Remember those voice changing devices to make you sound like a ghost or alien. Does anyone know of a good voice changer for a lion fursona? Please and thanks.


----------



## Mxpklx (Apr 8, 2012)

I know you can get auto-tuners on the internet. Not sure about a voice changer.


----------



## Sauvignon (Apr 8, 2012)

Take up smoking?


----------



## Furzball (Apr 8, 2012)

Sauvignon said:


> Take up smoking?



Lol been there quitting that.

So far I have only found a voice changer that comes with a children's book called "You can Roar". But it is a microphone. Ordered it over eBay for 9$ and am going to pull it apart to see if I can fit it in my mask. Bah humbug. Hope it works.


----------



## Liedt (May 10, 2012)

Screaming Bee software makes a nice affordable voice changer for internet sites such as Second Life, Skype, Chat Programs, et al.

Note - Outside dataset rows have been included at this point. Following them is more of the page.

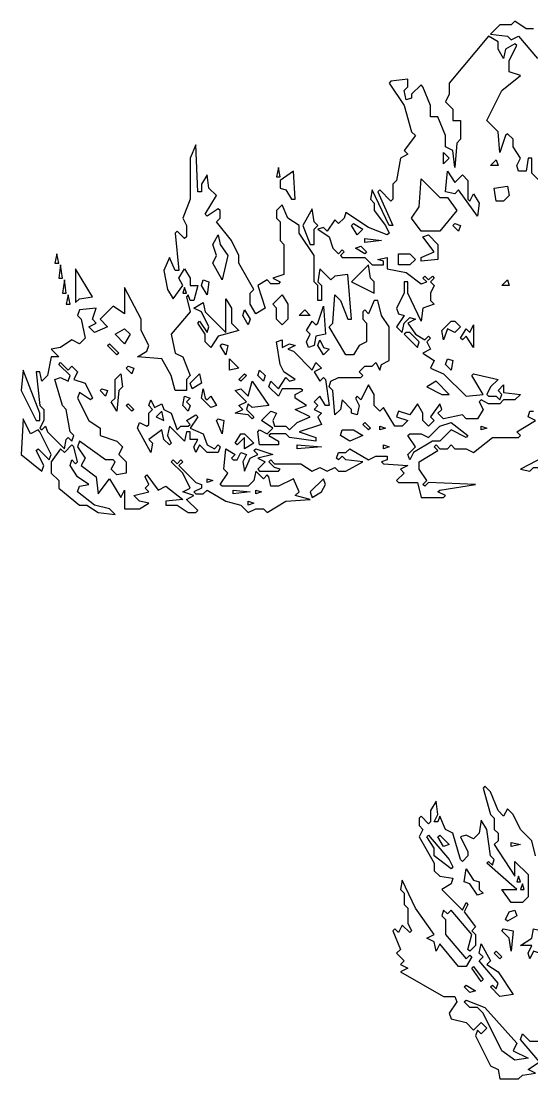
# Model space of a CAD drawing. Header units: millimetres. Extents: x -1861 to 1860, y -2 to 9002.
# Drawn here: x -1640 to -1042, y 1900 to 3142 of the extents above; entities that cross this region are included whole.
import ezdxf

# ---------------------------------------------------------------- set-up
doc = ezdxf.new("R2010")
doc.units = ezdxf.units.MM
doc.layers.add('ALMOND-DRAW-PROFILE', color=7, linetype='Continuous', lineweight=25)

msp = doc.modelspace()

# ---------------------------------------------------------------- linework, layer by layer
at = {"layer": 'ALMOND-DRAW-PROFILE'}
for points in [[(-1039.5, 3132.8), (-1048.3, 3132.8), (-1061.5, 3141.6), (-1065.9, 3137.2), (-1079.1, 3137.2), (-1090.1, 3126.2), (-1070.3, 3124), (-1065.9, 3119.6), (-1057.1, 3124), (-1035, 3097.6)], [(-1019.6, 2941.3), (-1041.7, 2963.3), (-1041.7, 2980.9), (-1046.1, 2980.9), (-1048.3, 2965.5), (-1057.1, 2965.5), (-1059.3, 2972.1), (-1054.9, 2980.9), (-1063.7, 2994.1), (-1063.7, 3002.9), (-1070.3, 3009.5), (-1072.5, 3007.3), (-1079.1, 2987.5), (-1081.3, 3011.7), (-1094.5, 3025), (-1076.9, 3060.2), (-1054.9, 3077.8), (-1068.1, 3082.2), (-1068.1, 3095.4), (-1059.3, 3113), (-1061.5, 3115.2), (-1072.5, 3108.6), (-1074.7, 3097.6), (-1081.3, 3108.6), (-1081.3, 3117.4), (-1092.3, 3124), (-1138.5, 3069), (-1138.5, 3055.8), (-1142.9, 3047), (-1134.1, 3038.2), (-1134.1, 3025), (-1125.3, 3025), (-1125.3, 3002.9), (-1129.7, 2998.5), (-1131.9, 2969.9), (-1134.1, 2989.7), (-1142.9, 2994.1), (-1142.9, 3007.3), (-1151.7, 3029.4), (-1160.5, 3029.4), (-1160.5, 3042.6), (-1169.3, 3064.6), (-1171.5, 3066.8), (-1182.6, 3055.8), (-1182.6, 3051.4), (-1189.2, 3049.2), (-1191.4, 3060.2), (-1187, 3064.6), (-1187, 3073.4), (-1206.8, 3071.2), (-1209, 3069), (-1191.4, 3042.6), (-1182.6, 3011.7), (-1178.2, 3007.3), (-1191.4, 2989.7), (-1187, 2985.3), (-1195.8, 2980.9), (-1200.2, 2954.5), (-1204.6, 2950.1), (-1204.6, 2932.5), (-1206.8, 2930.3), (-1220, 2943.5), (-1222.2, 2941.3), (-1204.6, 2901.7), (-1209, 2901.7), (-1228.8, 2943.5), (-1231, 2932.5), (-1226.6, 2928.1), (-1226.6, 2919.3), (-1213.4, 2901.7), (-1209, 2892.9), (-1211.2, 2890.7), (-1233.2, 2899.5), (-1259.6, 2917.1), (-1261.8, 2910.5), (-1268.4, 2903.9), (-1272.8, 2908.3), (-1281.6, 2895.1), (-1286, 2899.5), (-1292.6, 2897.3), (-1279.4, 2888.5), (-1275, 2875.2), (-1268.4, 2868.6), (-1264, 2873), (-1261.8, 2870.8), (-1266.2, 2866.4), (-1264, 2864.2), (-1237.6, 2864.2), (-1228.8, 2855.4), (-1215.6, 2855.4), (-1215.6, 2859.8), (-1222.2, 2862), (-1211.2, 2864.2), (-1211.2, 2851), (-1189.2, 2846.6), (-1171.5, 2833.4), (-1164.9, 2835.6), (-1169.3, 2840), (-1167.1, 2842.2), (-1162.7, 2837.8), (-1158.3, 2842.2), (-1156.1, 2840), (-1160.5, 2835.6), (-1156.1, 2831.2), (-1160.5, 2822.4), (-1160.5, 2813.6), (-1156.1, 2809.2), (-1169.3, 2804.8), (-1171.5, 2789.4), (-1187, 2822.4), (-1187, 2835.6), (-1191.4, 2835.6), (-1191.4, 2822.4), (-1200.2, 2804.8), (-1198, 2798.2), (-1191.4, 2796), (-1200.2, 2782.8), (-1193.6, 2776.2), (-1191.4, 2787.2), (-1184.8, 2793.8), (-1178.2, 2791.6), (-1187, 2787.2), (-1178.2, 2774), (-1167.1, 2767.4), (-1162.7, 2771.8), (-1160.5, 2769.6), (-1164.9, 2765.2), (-1160.5, 2756.4), (-1169.3, 2752), (-1156.1, 2743.2), (-1160.5, 2734.3), (-1145.1, 2727.7), (-1118.7, 2701.3), (-1098.9, 2703.5), (-1112.1, 2725.5), (-1109.9, 2727.7), (-1081.3, 2721.1), (-1090.1, 2712.3), (-1094.5, 2703.5), (-1092.3, 2701.3), (-1083.5, 2701.3), (-1079.1, 2696.9), (-1076.9, 2703.5), (-1081.3, 2707.9), (-1074.7, 2714.5), (-1074.7, 2705.7), (-1054.9, 2703.5), (-1061.5, 2696.9), (-1074.7, 2696.9), (-1079.1, 2692.5), (-1092.3, 2692.5), (-1101.1, 2696.9), (-1103.3, 2694.7), (-1098.9, 2685.9), (-1105.5, 2674.9), (-1118.7, 2674.9), (-1123.1, 2679.3), (-1145.1, 2674.9), (-1151.7, 2681.5), (-1147.3, 2685.9), (-1149.5, 2692.5), (-1160.5, 2677.1), (-1156.1, 2672.7), (-1162.7, 2666.1), (-1169.3, 2672.7), (-1169.3, 2681.5), (-1175.9, 2692.5), (-1184.8, 2679.3), (-1198, 2683.7), (-1200.2, 2677.1), (-1187, 2672.7), (-1193.6, 2666.1), (-1202.4, 2666.1), (-1215.6, 2688.1), (-1220, 2683.7), (-1226.6, 2690.3), (-1226.6, 2703.5), (-1233.2, 2714.5), (-1242, 2696.9), (-1246.4, 2701.3), (-1248.6, 2699.1), (-1244.2, 2690.3), (-1246.4, 2679.3), (-1253, 2681.5), (-1253, 2685.9), (-1264, 2696.9), (-1266.2, 2685.9), (-1272.8, 2679.3), (-1275, 2707.9), (-1279.4, 2712.3), (-1277.2, 2718.9), (-1268.4, 2723.3), (-1242, 2723.3), (-1239.8, 2725.5), (-1244.2, 2729.9), (-1237.6, 2736.5), (-1228.8, 2736.5), (-1224.4, 2740.9), (-1220, 2732.1), (-1217.8, 2738.7), (-1209, 2743.2), (-1209, 2782.8), (-1217.8, 2796), (-1222.2, 2813.6), (-1226.6, 2813.6), (-1233.2, 2798.2), (-1237.6, 2802.6), (-1239.8, 2800.4), (-1239.8, 2791.6), (-1235.4, 2787.2), (-1235.4, 2765.2), (-1244.2, 2760.8), (-1250.8, 2749.8), (-1259.6, 2749.8), (-1279.4, 2782.8), (-1275, 2787.2), (-1272.8, 2820.2), (-1266.2, 2813.6), (-1257.4, 2791.6), (-1253, 2791.6), (-1257.4, 2844.4), (-1272.8, 2842.2), (-1277.2, 2837.8), (-1290.4, 2851), (-1292.6, 2835.6), (-1288.2, 2831.2), (-1288.2, 2813.6), (-1292.6, 2813.6), (-1292.6, 2831.2), (-1297, 2835.6), (-1297, 2866.4), (-1314.6, 2892.9), (-1314.6, 2901.7), (-1327.9, 2910.5), (-1334.5, 2925.9), (-1341.1, 2919.3), (-1341.1, 2910.5), (-1336.7, 2906.1), (-1336.7, 2884.1), (-1332.3, 2879.6), (-1332.3, 2844.4), (-1345.5, 2840), (-1336.7, 2835.6), (-1338.9, 2833.4), (-1347.7, 2833.4), (-1352.1, 2837.8), (-1363.1, 2831.2), (-1354.3, 2804.8), (-1365.3, 2798.2), (-1371.9, 2809.2), (-1371.9, 2822.4), (-1367.5, 2826.8), (-1385.1, 2857.6), (-1385.1, 2866.4), (-1393.9, 2884.1), (-1411.5, 2906.1), (-1407.1, 2910.5), (-1407.1, 2919.3), (-1409.3, 2921.5), (-1422.5, 2912.7), (-1424.7, 2914.9), (-1411.5, 2936.9), (-1420.3, 2945.7), (-1422.5, 2961.1), (-1429.1, 2950.1), (-1429.1, 2941.3), (-1433.5, 2941.3), (-1435.7, 2996.3), (-1442.3, 2980.9), (-1442.3, 2932.5), (-1451.1, 2910.5), (-1446.7, 2901.7), (-1446.7, 2888.5), (-1448.9, 2886.3), (-1457.7, 2895.1), (-1460, 2892.9), (-1455.5, 2848.8), (-1460, 2848.8), (-1466.6, 2864.2), (-1473.2, 2848.8), (-1468.8, 2826.8), (-1462.2, 2815.8), (-1451.1, 2831.2), (-1455.5, 2840), (-1448.9, 2851), (-1442.3, 2840), (-1442.3, 2831.2), (-1433.5, 2831.2), (-1437.9, 2813.6), (-1442.3, 2813.6), (-1444.5, 2820.2), (-1446.7, 2818), (-1442.3, 2800.4), (-1464.4, 2774), (-1460, 2752), (-1451.1, 2747.6), (-1442.3, 2725.5), (-1446.7, 2721.1), (-1446.7, 2707.9), (-1460, 2707.9), (-1464.4, 2725.5), (-1475.4, 2745.4), (-1504, 2747.6), (-1493, 2754.2), (-1490.8, 2760.8), (-1499.6, 2778.4), (-1499.6, 2791.6), (-1519.4, 2829), (-1519.4, 2798.2), (-1532.6, 2807), (-1548, 2791.6), (-1539.2, 2782.8), (-1554.6, 2776.2), (-1561.2, 2782.8), (-1552.4, 2787.2), (-1556.8, 2791.6), (-1552.4, 2804.8), (-1572.2, 2802.6), (-1574.4, 2796), (-1570, 2791.6), (-1565.6, 2769.6), (-1572.2, 2763), (-1581, 2767.4), (-1594.2, 2758.6), (-1605.3, 2756.4), (-1596.4, 2747.6), (-1605.3, 2747.6), (-1609.7, 2725.5), (-1616.3, 2718.9), (-1618.5, 2729.9), (-1622.9, 2729.9), (-1618.5, 2690.3), (-1614.1, 2685.9), (-1614.1, 2672.7), (-1618.5, 2663.9), (-1616.3, 2661.7), (-1611.9, 2666.1), (-1609.7, 2659.5), (-1589.8, 2639.7), (-1587.6, 2650.7), (-1585.4, 2652.9), (-1581, 2648.5), (-1578.8, 2655.1), (-1583.2, 2659.5), (-1587.6, 2685.9), (-1592, 2690.3), (-1600.9, 2721.1), (-1594.2, 2723.3), (-1585.4, 2718.9), (-1583.2, 2725.5), (-1596.4, 2738.7), (-1594.2, 2740.9), (-1585.4, 2732.1), (-1581, 2736.5), (-1574.4, 2729.9), (-1578.8, 2721.1), (-1565.6, 2716.7), (-1556.8, 2699.1), (-1559, 2696.9), (-1572.2, 2705.7), (-1574.4, 2699.1), (-1561.2, 2672.7), (-1548, 2663.9), (-1548, 2655.1), (-1528.2, 2648.5), (-1521.6, 2641.9), (-1526, 2633.1), (-1517.2, 2624.3), (-1517.2, 2611.1), (-1528.2, 2608.9), (-1534.8, 2615.5), (-1530.4, 2624.3), (-1532.6, 2626.5), (-1541.4, 2626.5), (-1572.2, 2648.5), (-1574.4, 2641.9), (-1565.6, 2628.7), (-1570, 2619.9), (-1552.4, 2606.7), (-1550.2, 2586.8), (-1537, 2604.5), (-1523.8, 2582.4), (-1519.4, 2591.2), (-1519.4, 2569.2), (-1501.8, 2569.2), (-1490.8, 2575.8), (-1501.8, 2578), (-1508.4, 2584.6), (-1490.8, 2589), (-1495.2, 2593.4), (-1490.8, 2597.8), (-1495.2, 2606.7), (-1493, 2608.9), (-1479.8, 2591.2), (-1471, 2595.6), (-1451.1, 2580.2), (-1471, 2578), (-1471, 2573.6), (-1457.7, 2573.6), (-1444.5, 2564.8), (-1435.7, 2564.8), (-1433.5, 2567), (-1446.7, 2580.2), (-1437.9, 2584.6), (-1451.1, 2589), (-1442.3, 2593.4), (-1451.1, 2611.1), (-1464.4, 2624.3), (-1462.2, 2626.5), (-1457.7, 2622.1), (-1453.3, 2626.5), (-1451.1, 2624.3), (-1455.5, 2619.9), (-1435.7, 2600), (-1429.1, 2597.8), (-1429.1, 2593.4), (-1437.9, 2589), (-1435.7, 2586.8), (-1426.9, 2586.8), (-1422.5, 2591.2), (-1400.5, 2578), (-1382.9, 2573.6), (-1374.1, 2564.8), (-1365.3, 2569.2), (-1356.5, 2569.2), (-1352.1, 2564.8), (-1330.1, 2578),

They even have a free voice pack with certain species pre-configured. Check out the site at: http://screamingbee.com/

This is only for internet based communications though. If you are looking for something that is installed in your fursuit that changes your voice in real time, then these are not the droids you're looking for. I can't help you with a referal for that one.


----------